Saved entries:
════════════════════
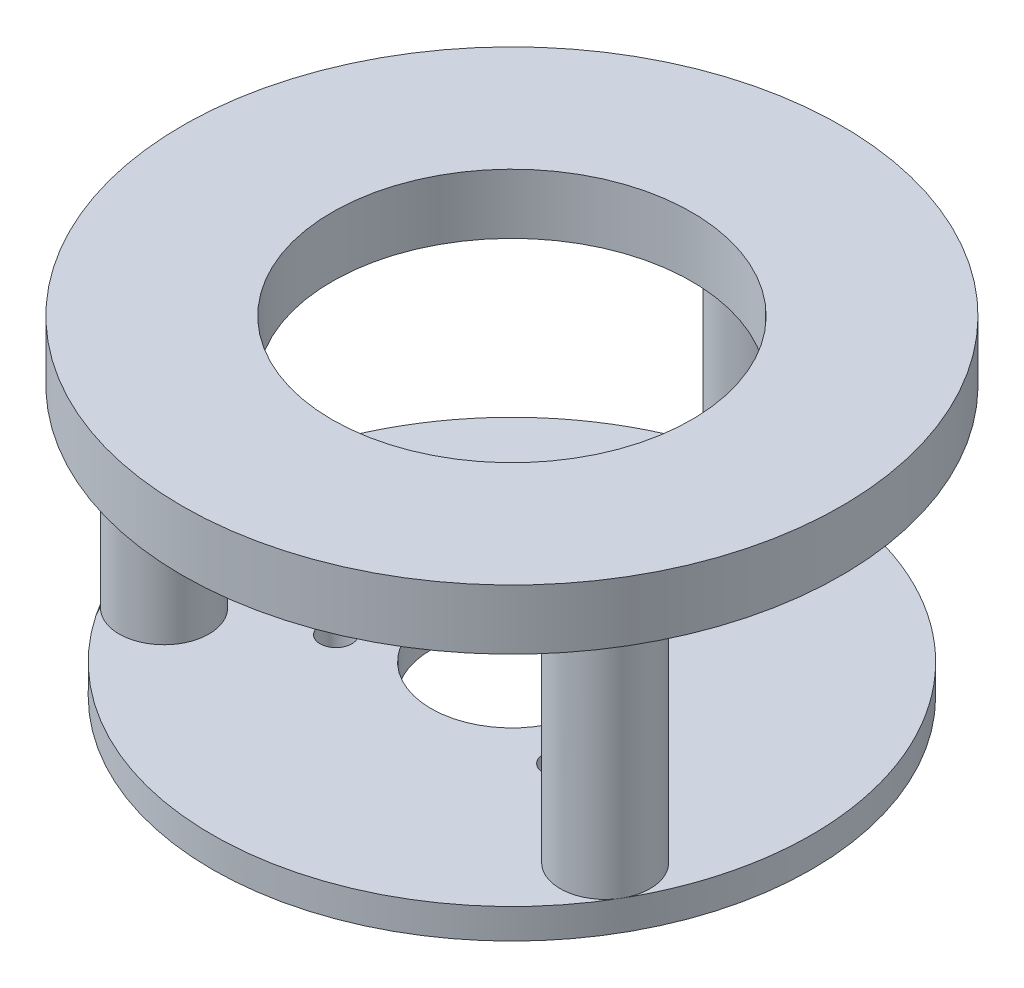
ISO-10303-21;
HEADER;
FILE_DESCRIPTION(('STEP AP214'),'2;1');
FILE_NAME('part.step','',(''),(''),'','','');
FILE_SCHEMA(('AUTOMOTIVE_DESIGN { 1 0 10303 214 1 1 1 1 }'));
ENDSEC;
DATA;
#1=APPLICATION_CONTEXT('core data for automotive mechanical design processes');
#2=APPLICATION_PROTOCOL_DEFINITION('international standard','automotive_design',2000,#1);
#3=PRODUCT_CONTEXT('',#1,'mechanical');
#4=PRODUCT('Part','Part','',(#3));
#5=PRODUCT_RELATED_PRODUCT_CATEGORY('part','',(#4));
#6=PRODUCT_DEFINITION_FORMATION('','',#4);
#7=PRODUCT_DEFINITION_CONTEXT('part definition',#1,'design');
#8=PRODUCT_DEFINITION('design','',#6,#7);
#9=PRODUCT_DEFINITION_SHAPE('','',#8);
#10=(LENGTH_UNIT() NAMED_UNIT(*) SI_UNIT(.MILLI.,.METRE.));
#11=(NAMED_UNIT(*) PLANE_ANGLE_UNIT() SI_UNIT($,.RADIAN.));
#12=(NAMED_UNIT(*) SI_UNIT($,.STERADIAN.) SOLID_ANGLE_UNIT());
#13=UNCERTAINTY_MEASURE_WITH_UNIT(LENGTH_MEASURE(1.E-05),#10,'distance_accuracy_value','');
#14=(GEOMETRIC_REPRESENTATION_CONTEXT(3) GLOBAL_UNCERTAINTY_ASSIGNED_CONTEXT((#13)) GLOBAL_UNIT_ASSIGNED_CONTEXT((#10,
#11,#12)) REPRESENTATION_CONTEXT('',''));
#15=CARTESIAN_POINT('',(0.,0.,0.));
#16=DIRECTION('',(0.,0.,1.));
#17=DIRECTION('',(1.,0.,0.));
#18=AXIS2_PLACEMENT_3D('',#15,#16,#17);
#19=CARTESIAN_POINT('',(23.0125,5.,0.));
#20=DIRECTION('',(0.,-1.,0.));
#21=DIRECTION('',(0.,0.,-1.));
#22=AXIS2_PLACEMENT_3D('',#19,#20,#21);
#23=CYLINDRICAL_SURFACE('',#22,1.65);
#24=CARTESIAN_POINT('',(23.0125,5.,0.));
#25=DIRECTION('',(0.,1.,0.));
#26=DIRECTION('',(0.,0.,1.));
#27=AXIS2_PLACEMENT_3D('',#24,#25,#26);
#28=CIRCLE('',#27,1.65);
#29=CARTESIAN_POINT('',(23.0125,5.,1.65));
#30=VERTEX_POINT('',#29);
#31=EDGE_CURVE('E336',#30,#30,#28,.T.);
#32=ORIENTED_EDGE('',*,*,#31,.T.);
#33=EDGE_LOOP('',(#32));
#34=FACE_BOUND('',#33,.T.);
#35=CARTESIAN_POINT('',(23.0125,3.5,0.));
#36=DIRECTION('',(0.,-1.,0.));
#37=DIRECTION('',(0.,0.,-1.));
#38=AXIS2_PLACEMENT_3D('',#35,#36,#37);
#39=CIRCLE('',#38,1.65);
#40=CARTESIAN_POINT('',(23.0125,3.5,-1.65));
#41=VERTEX_POINT('',#40);
#42=EDGE_CURVE('E42',#41,#41,#39,.T.);
#43=ORIENTED_EDGE('',*,*,#42,.T.);
#44=EDGE_LOOP('',(#43));
#45=FACE_BOUND('',#44,.T.);
#46=ADVANCED_FACE('F38',(#34,#45),#23,.F.);
#47=CARTESIAN_POINT('',(-23.0125,5.,-1.60031132328928E-13));
#48=DIRECTION('',(0.,-1.,0.));
#49=DIRECTION('',(0.,0.,-1.));
#50=AXIS2_PLACEMENT_3D('',#47,#48,#49);
#51=CYLINDRICAL_SURFACE('',#50,1.65);
#52=CARTESIAN_POINT('',(-23.0125,5.,-1.60031132328928E-13));
#53=DIRECTION('',(0.,1.,0.));
#54=DIRECTION('',(0.,0.,1.));
#55=AXIS2_PLACEMENT_3D('',#52,#53,#54);
#56=CIRCLE('',#55,1.65);
#57=CARTESIAN_POINT('',(-23.0125,5.,1.64999999999984));
#58=VERTEX_POINT('',#57);
#59=EDGE_CURVE('E329',#58,#58,#56,.T.);
#60=ORIENTED_EDGE('',*,*,#59,.T.);
#61=EDGE_LOOP('',(#60));
#62=FACE_BOUND('',#61,.T.);
#63=CARTESIAN_POINT('',(-23.0125,3.5,-1.60031132328928E-13));
#64=DIRECTION('',(0.,-1.,0.));
#65=DIRECTION('',(0.,0.,-1.));
#66=AXIS2_PLACEMENT_3D('',#63,#64,#65);
#67=CIRCLE('',#66,1.65);
#68=CARTESIAN_POINT('',(-23.0125,3.5,-1.65000000000016));
#69=VERTEX_POINT('',#68);
#70=EDGE_CURVE('E202',#69,#69,#67,.T.);
#71=ORIENTED_EDGE('',*,*,#70,.T.);
#72=EDGE_LOOP('',(#71));
#73=FACE_BOUND('',#72,.T.);
#74=ADVANCED_FACE('F377',(#62,#73),#51,.F.);
#75=CARTESIAN_POINT('',(0.,5.,0.));
#76=DIRECTION('',(0.,1.,0.));
#77=DIRECTION('',(0.,0.,1.));
#78=AXIS2_PLACEMENT_3D('',#75,#76,#77);
#79=PLANE('',#78);
#80=CARTESIAN_POINT('',(18.6195461813668,5.,10.7499999999992));
#81=DIRECTION('',(0.,1.,0.));
#82=DIRECTION('',(0.,0.,1.));
#83=AXIS2_PLACEMENT_3D('',#80,#81,#82);
#84=CIRCLE('',#83,2.65);
#85=CARTESIAN_POINT('',(18.6195461813668,5.,13.3999999999992));
#86=VERTEX_POINT('',#85);
#87=EDGE_CURVE('E325',#86,#86,#84,.T.);
#88=ORIENTED_EDGE('',*,*,#87,.F.);
#89=EDGE_LOOP('',(#88));
#90=FACE_BOUND('',#89,.T.);
#91=ORIENTED_EDGE('',*,*,#31,.F.);
#92=EDGE_LOOP('',(#91));
#93=FACE_BOUND('',#92,.T.);
#94=CARTESIAN_POINT('',(0.,5.,0.));
#95=DIRECTION('',(0.,1.,0.));
#96=DIRECTION('',(0.,0.,1.));
#97=AXIS2_PLACEMENT_3D('',#94,#95,#96);
#98=CIRCLE('',#97,13.5);
#99=CARTESIAN_POINT('',(0.,5.,13.5));
#100=VERTEX_POINT('',#99);
#101=EDGE_CURVE('E349',#100,#100,#98,.T.);
#102=ORIENTED_EDGE('',*,*,#101,.F.);
#103=EDGE_LOOP('',(#102));
#104=FACE_BOUND('',#103,.T.);
#105=CARTESIAN_POINT('',(0.,5.,0.));
#106=DIRECTION('',(0.,1.,0.));
#107=DIRECTION('',(0.,0.,1.));
#108=AXIS2_PLACEMENT_3D('',#105,#106,#107);
#109=CIRCLE('',#108,50.);
#110=CARTESIAN_POINT('',(0.,5.,-50.));
#111=VERTEX_POINT('',#110);
#112=CARTESIAN_POINT('',(-43.3012701892198,5.,25.0000000000037));
#113=VERTEX_POINT('',#112);
#114=EDGE_CURVE('E11',#111,#113,#109,.T.);
#115=ORIENTED_EDGE('',*,*,#114,.T.);
#116=CARTESIAN_POINT('',(-36.806079660835,5.,21.2500000000021));
#117=DIRECTION('',(0.,1.,0.));
#118=DIRECTION('',(0.,0.,1.));
#119=AXIS2_PLACEMENT_3D('',#116,#117,#118);
#120=CIRCLE('',#119,7.50000000000531);
#121=EDGE_CURVE('E290',#113,#113,#120,.T.);
#122=ORIENTED_EDGE('',*,*,#121,.F.);
#123=CARTESIAN_POINT('',(43.3012701892241,5.,24.9999999999963));
#124=VERTEX_POINT('',#123);
#125=EDGE_CURVE('E48',#113,#124,#109,.T.);
#126=ORIENTED_EDGE('',*,*,#125,.T.);
#127=CARTESIAN_POINT('',(36.8060796608423,5.,21.2499999999979));
#128=DIRECTION('',(0.,1.,0.));
#129=DIRECTION('',(0.,0.,1.));
#130=AXIS2_PLACEMENT_3D('',#127,#128,#129);
#131=CIRCLE('',#130,7.50000000000376);
#132=EDGE_CURVE('E298',#124,#124,#131,.T.);
#133=ORIENTED_EDGE('',*,*,#132,.F.);
#134=EDGE_CURVE('E50',#124,#111,#109,.T.);
#135=ORIENTED_EDGE('',*,*,#134,.T.);
#136=CARTESIAN_POINT('',(0.,5.,-42.5));
#137=DIRECTION('',(0.,1.,0.));
#138=DIRECTION('',(0.,0.,1.));
#139=AXIS2_PLACEMENT_3D('',#136,#137,#138);
#140=CIRCLE('',#139,7.5);
#141=EDGE_CURVE('E305',#111,#111,#140,.T.);
#142=ORIENTED_EDGE('',*,*,#141,.F.);
#143=EDGE_LOOP('',(#115,#122,#126,#133,#135,#142));
#144=FACE_BOUND('',#143,.T.);
#145=CARTESIAN_POINT('',(0.,5.,-21.5));
#146=DIRECTION('',(0.,1.,0.));
#147=DIRECTION('',(0.,0.,1.));
#148=AXIS2_PLACEMENT_3D('',#145,#146,#147);
#149=CIRCLE('',#148,2.65);
#150=CARTESIAN_POINT('',(0.,5.,-18.85));
#151=VERTEX_POINT('',#150);
#152=EDGE_CURVE('E341',#151,#151,#149,.T.);
#153=ORIENTED_EDGE('',*,*,#152,.F.);
#154=EDGE_LOOP('',(#153));
#155=FACE_BOUND('',#154,.T.);
#156=ORIENTED_EDGE('',*,*,#59,.F.);
#157=EDGE_LOOP('',(#156));
#158=FACE_BOUND('',#157,.T.);
#159=CARTESIAN_POINT('',(-18.6195461813641,5.,10.7500000000008));
#160=DIRECTION('',(0.,1.,0.));
#161=DIRECTION('',(0.,0.,1.));
#162=AXIS2_PLACEMENT_3D('',#159,#160,#161);
#163=CIRCLE('',#162,2.65);
#164=CARTESIAN_POINT('',(-18.6195461813641,5.,13.4000000000008));
#165=VERTEX_POINT('',#164);
#166=EDGE_CURVE('E317',#165,#165,#163,.T.);
#167=ORIENTED_EDGE('',*,*,#166,.F.);
#168=EDGE_LOOP('',(#167));
#169=FACE_BOUND('',#168,.T.);
#170=ADVANCED_FACE('F384',(#90,#93,#104,#144,#155,#158,#169),#79,.T.);
#171=CARTESIAN_POINT('',(0.,0.,0.));
#172=DIRECTION('',(0.,1.,0.));
#173=DIRECTION('',(0.,0.,1.));
#174=AXIS2_PLACEMENT_3D('',#171,#172,#173);
#175=PLANE('',#174);
#176=DIRECTION('',(-0.499999999999994,0.,0.866025403784442));
#177=VECTOR('',#176,1.);
#178=CARTESIAN_POINT('',(26.4766016151378,0.,0.));
#179=LINE('',#178,#177);
#180=CARTESIAN_POINT('',(26.4766016151378,0.,0.));
#181=VERTEX_POINT('',#180);
#182=CARTESIAN_POINT('',(24.7445508075689,0.,2.99999999999999));
#183=VERTEX_POINT('',#182);
#184=EDGE_CURVE('E184',#181,#183,#179,.T.);
#185=ORIENTED_EDGE('',*,*,#184,.F.);
#186=DIRECTION('',(0.500000000000006,0.,0.866025403784435));
#187=VECTOR('',#186,1.);
#188=CARTESIAN_POINT('',(24.7445508075689,0.,-3.00000000000002));
#189=LINE('',#188,#187);
#190=CARTESIAN_POINT('',(24.7445508075689,0.,-3.00000000000002));
#191=VERTEX_POINT('',#190);
#192=EDGE_CURVE('E57',#191,#181,#189,.T.);
#193=ORIENTED_EDGE('',*,*,#192,.F.);
#194=DIRECTION('',(1.,0.,0.));
#195=VECTOR('',#194,1.);
#196=CARTESIAN_POINT('',(21.2804491924311,0.,-2.99999999999999));
#197=LINE('',#196,#195);
#198=CARTESIAN_POINT('',(21.2804491924311,0.,-2.99999999999999));
#199=VERTEX_POINT('',#198);
#200=EDGE_CURVE('E164',#199,#191,#197,.T.);
#201=ORIENTED_EDGE('',*,*,#200,.F.);
#202=DIRECTION('',(0.499999999999994,0.,-0.866025403784442));
#203=VECTOR('',#202,1.);
#204=CARTESIAN_POINT('',(19.5483983848622,0.,0.));
#205=LINE('',#204,#203);
#206=CARTESIAN_POINT('',(19.5483983848622,0.,0.));
#207=VERTEX_POINT('',#206);
#208=EDGE_CURVE('E168',#207,#199,#205,.T.);
#209=ORIENTED_EDGE('',*,*,#208,.F.);
#210=DIRECTION('',(-0.500000000000006,0.,-0.866025403784435));
#211=VECTOR('',#210,1.);
#212=CARTESIAN_POINT('',(21.2804491924311,0.,3.00000000000001));
#213=LINE('',#212,#211);
#214=CARTESIAN_POINT('',(21.2804491924311,0.,3.00000000000001));
#215=VERTEX_POINT('',#214);
#216=EDGE_CURVE('E192',#215,#207,#213,.T.);
#217=ORIENTED_EDGE('',*,*,#216,.F.);
#218=DIRECTION('',(-1.,0.,0.));
#219=VECTOR('',#218,1.);
#220=CARTESIAN_POINT('',(24.7445508075689,0.,2.99999999999999));
#221=LINE('',#220,#219);
#222=EDGE_CURVE('E188',#183,#215,#221,.T.);
#223=ORIENTED_EDGE('',*,*,#222,.F.);
#224=EDGE_LOOP('',(#185,#193,#201,#209,#217,#223));
#225=FACE_BOUND('',#224,.T.);
#226=DIRECTION('',(0.5,0.,-0.866025403784439));
#227=VECTOR('',#226,1.);
#228=CARTESIAN_POINT('',(-26.4766016151378,0.,-1.6089927076859E-13));
#229=LINE('',#228,#227);
#230=CARTESIAN_POINT('',(-26.4766016151378,0.,-1.61329283265843E-13));
#231=VERTEX_POINT('',#230);
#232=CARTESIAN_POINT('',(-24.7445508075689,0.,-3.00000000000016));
════════════════════
- [WORK INSTRUCTIONS]
Within the data above, the span starting at the line containing "#209=ORIENTED_EDGE('',*,*,#208,.F.);" and ending at the line containing "#219=VECTOR('',#218,1.);" is to be retyped exactly, with no other lines.

- [RESPONSE]
#209=ORIENTED_EDGE('',*,*,#208,.F.);
#210=DIRECTION('',(-0.500000000000006,0.,-0.866025403784435));
#211=VECTOR('',#210,1.);
#212=CARTESIAN_POINT('',(21.2804491924311,0.,3.00000000000001));
#213=LINE('',#212,#211);
#214=CARTESIAN_POINT('',(21.2804491924311,0.,3.00000000000001));
#215=VERTEX_POINT('',#214);
#216=EDGE_CURVE('E192',#215,#207,#213,.T.);
#217=ORIENTED_EDGE('',*,*,#216,.F.);
#218=DIRECTION('',(-1.,0.,0.));
#219=VECTOR('',#218,1.);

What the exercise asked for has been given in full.